_TO DO_. For each entry, return the text exactly and omit any image.

(Records from a dataset)
>>
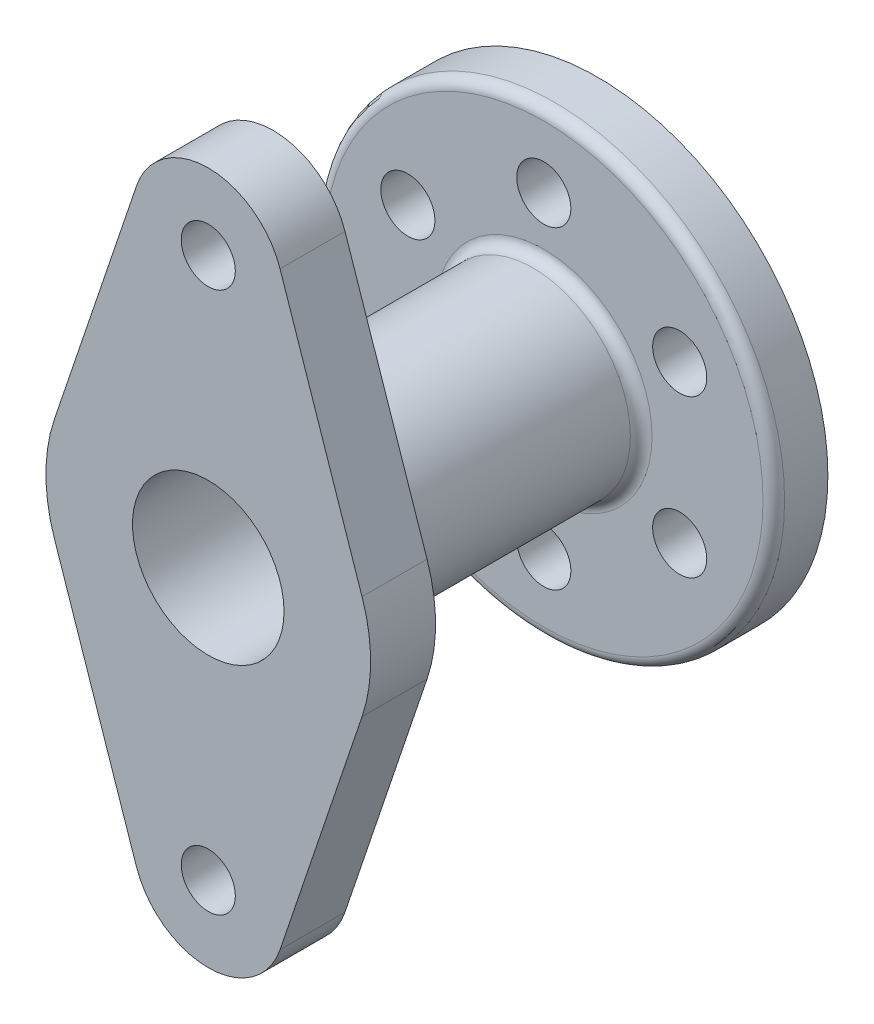
from build123d import *

# Parameters (mm, degrees)
SKETCH1_R                                          = 42.5
BOSS_EXTRUDE1_DEPTH                                = 10
SKETCH2_R                                          = 5
CUT_EXTRUDE1_DEPTH                                 = 61.930288035
CIRPATTERN2_COUNT                                  = 6
SKETCH3_R                                          = 18
BOSS_EXTRUDE2_DEPTH                                = 50
BOSS_EXTRUDE3_DEPTH                                = 12
SKETCH5_R                                          = 5
CUT_EXTRUDE3_DEPTH                                 = 106.291262695
CBORE_FOR_M2_5_PAN_HEAD_MACHINE_SCREW1_D           = 20
CBORE_FOR_M2_5_PAN_HEAD_MACHINE_SCREW1_CBORE_D     = 28
CBORE_FOR_M2_5_PAN_HEAD_MACHINE_SCREW1_CBORE_DEPTH = 25
FILLET1_R                                          = 2


with BuildPart() as part:
    # Sketch1 → Boss-Extrude1 (new body)
    with BuildSketch(Plane.XY):
        Circle(SKETCH1_R)
    extrude(amount=BOSS_EXTRUDE1_DEPTH)

    # Sketch2 → Cut-Extrude1 (cut, through all)
    with BuildSketch(Plane.XY.offset(10)):
        with Locations((0, 29)):
            Circle(SKETCH2_R)
    cut_extrude1 = extrude(amount=-CUT_EXTRUDE1_DEPTH, mode=Mode.SUBTRACT)

    # CirPattern2: Cut-Extrude1 ×6 about axis
    cirpattern2_axis = Axis((0, 0, 0), (0, 0, 1))
    for i in range(1, CIRPATTERN2_COUNT):
        add(cut_extrude1.rotate(cirpattern2_axis, i * 360 / CIRPATTERN2_COUNT), mode=Mode.SUBTRACT)

    # Sketch3 → Boss-Extrude2 (add)
    with BuildSketch(Plane.XY.offset(10)):
        Circle(SKETCH3_R)
    extrude(amount=BOSS_EXTRUDE2_DEPTH)

    # Sketch4 → Boss-Extrude3 (add)
    with BuildSketch(Plane.XY.offset(60)):
        with BuildLine():
            Line((-13.263845596, 54.48), (-28.422526278, 9.6))
            ThreePointArc((-28.422526278, 9.6), (-30, 0), (-28.422526278, -9.6))
            Line((-28.422526278, -9.6), (-13.263845596, -54.48))
            ThreePointArc((-13.263845596, -54.48), (0, -64), (13.263845596, -54.48))
            Line((13.263845596, -54.48), (28.422526278, -9.6))
            ThreePointArc((28.422526278, -9.6), (30, 0), (28.422526278, 9.6))
            Line((28.422526278, 9.6), (13.263845596, 54.48))
            ThreePointArc((13.263845596, 54.48), (0, 64), (-13.263845596, 54.48))
        make_face()
    extrude(amount=BOSS_EXTRUDE3_DEPTH)

    # Sketch5 → Cut-Extrude3 (cut, through all)
    with BuildSketch(Plane.XY.offset(72)):
        with Locations((0, 50)):
            Circle(SKETCH5_R)
    cut_extrude3 = extrude(amount=-CUT_EXTRUDE3_DEPTH, mode=Mode.SUBTRACT)

    # Mirror1: Cut-Extrude3 across plane
    add(cut_extrude3.mirror(Plane.ZX), mode=Mode.SUBTRACT)

    # CBORE for M2.5 Pan Head Machine Screw1 (through all)
    with Locations(Plane.XY.offset(72)):
        with Locations((0, 0)):
            CounterBoreHole(CBORE_FOR_M2_5_PAN_HEAD_MACHINE_SCREW1_D / 2, CBORE_FOR_M2_5_PAN_HEAD_MACHINE_SCREW1_CBORE_D / 2, CBORE_FOR_M2_5_PAN_HEAD_MACHINE_SCREW1_CBORE_DEPTH)

    # Fillet1
    fillet1_edges = [part.edges().sort_by_distance(p)[0] for p in [
        (-18, 0, 10),
        (-42.5, 0, 10),
    ]]
    fillet(fillet1_edges, radius=FILLET1_R)


solid = part.part
<<
_ANSWER TO THIS PROBLEM_.
from build123d import *

# Parameters (mm, degrees)
SKETCH1_R                                          = 42.5
BOSS_EXTRUDE1_DEPTH                                = 10
SKETCH2_R                                          = 5
CUT_EXTRUDE1_DEPTH                                 = 61.930288035
CIRPATTERN2_COUNT                                  = 6
SKETCH3_R                                          = 18
BOSS_EXTRUDE2_DEPTH                                = 50
BOSS_EXTRUDE3_DEPTH                                = 12
SKETCH5_R                                          = 5
CUT_EXTRUDE3_DEPTH                                 = 106.291262695
CBORE_FOR_M2_5_PAN_HEAD_MACHINE_SCREW1_D           = 20
CBORE_FOR_M2_5_PAN_HEAD_MACHINE_SCREW1_CBORE_D     = 28
CBORE_FOR_M2_5_PAN_HEAD_MACHINE_SCREW1_CBORE_DEPTH = 25
FILLET1_R                                          = 2


with BuildPart() as part:
    # Sketch1 → Boss-Extrude1 (new body)
    with BuildSketch(Plane.XY):
        Circle(SKETCH1_R)
    extrude(amount=BOSS_EXTRUDE1_DEPTH)

    # Sketch2 → Cut-Extrude1 (cut, through all)
    with BuildSketch(Plane.XY.offset(10)):
        with Locations((0, 29)):
            Circle(SKETCH2_R)
    cut_extrude1 = extrude(amount=-CUT_EXTRUDE1_DEPTH, mode=Mode.SUBTRACT)

    # CirPattern2: Cut-Extrude1 ×6 about axis
    cirpattern2_axis = Axis((0, 0, 0), (0, 0, 1))
    for i in range(1, CIRPATTERN2_COUNT):
        add(cut_extrude1.rotate(cirpattern2_axis, i * 360 / CIRPATTERN2_COUNT), mode=Mode.SUBTRACT)

    # Sketch3 → Boss-Extrude2 (add)
    with BuildSketch(Plane.XY.offset(10)):
        Circle(SKETCH3_R)
    extrude(amount=BOSS_EXTRUDE2_DEPTH)

    # Sketch4 → Boss-Extrude3 (add)
    with BuildSketch(Plane.XY.offset(60)):
        with BuildLine():
            Line((-13.263845596, 54.48), (-28.422526278, 9.6))
            ThreePointArc((-28.422526278, 9.6), (-30, 0), (-28.422526278, -9.6))
            Line((-28.422526278, -9.6), (-13.263845596, -54.48))
            ThreePointArc((-13.263845596, -54.48), (0, -64), (13.263845596, -54.48))
            Line((13.263845596, -54.48), (28.422526278, -9.6))
            ThreePointArc((28.422526278, -9.6), (30, 0), (28.422526278, 9.6))
            Line((28.422526278, 9.6), (13.263845596, 54.48))
            ThreePointArc((13.263845596, 54.48), (0, 64), (-13.263845596, 54.48))
        make_face()
    extrude(amount=BOSS_EXTRUDE3_DEPTH)

    # Sketch5 → Cut-Extrude3 (cut, through all)
    with BuildSketch(Plane.XY.offset(72)):
        with Locations((0, 50)):
            Circle(SKETCH5_R)
    cut_extrude3 = extrude(amount=-CUT_EXTRUDE3_DEPTH, mode=Mode.SUBTRACT)

    # Mirror1: Cut-Extrude3 across plane
    add(cut_extrude3.mirror(Plane.ZX), mode=Mode.SUBTRACT)

    # CBORE for M2.5 Pan Head Machine Screw1 (through all)
    with Locations(Plane.XY.offset(72)):
        with Locations((0, 0)):
            CounterBoreHole(CBORE_FOR_M2_5_PAN_HEAD_MACHINE_SCREW1_D / 2, CBORE_FOR_M2_5_PAN_HEAD_MACHINE_SCREW1_CBORE_D / 2, CBORE_FOR_M2_5_PAN_HEAD_MACHINE_SCREW1_CBORE_DEPTH)

    # Fillet1
    fillet1_edges = [part.edges().sort_by_distance(p)[0] for p in [
        (-18, 0, 10),
        (-42.5, 0, 10),
    ]]
    fillet(fillet1_edges, radius=FILLET1_R)


solid = part.part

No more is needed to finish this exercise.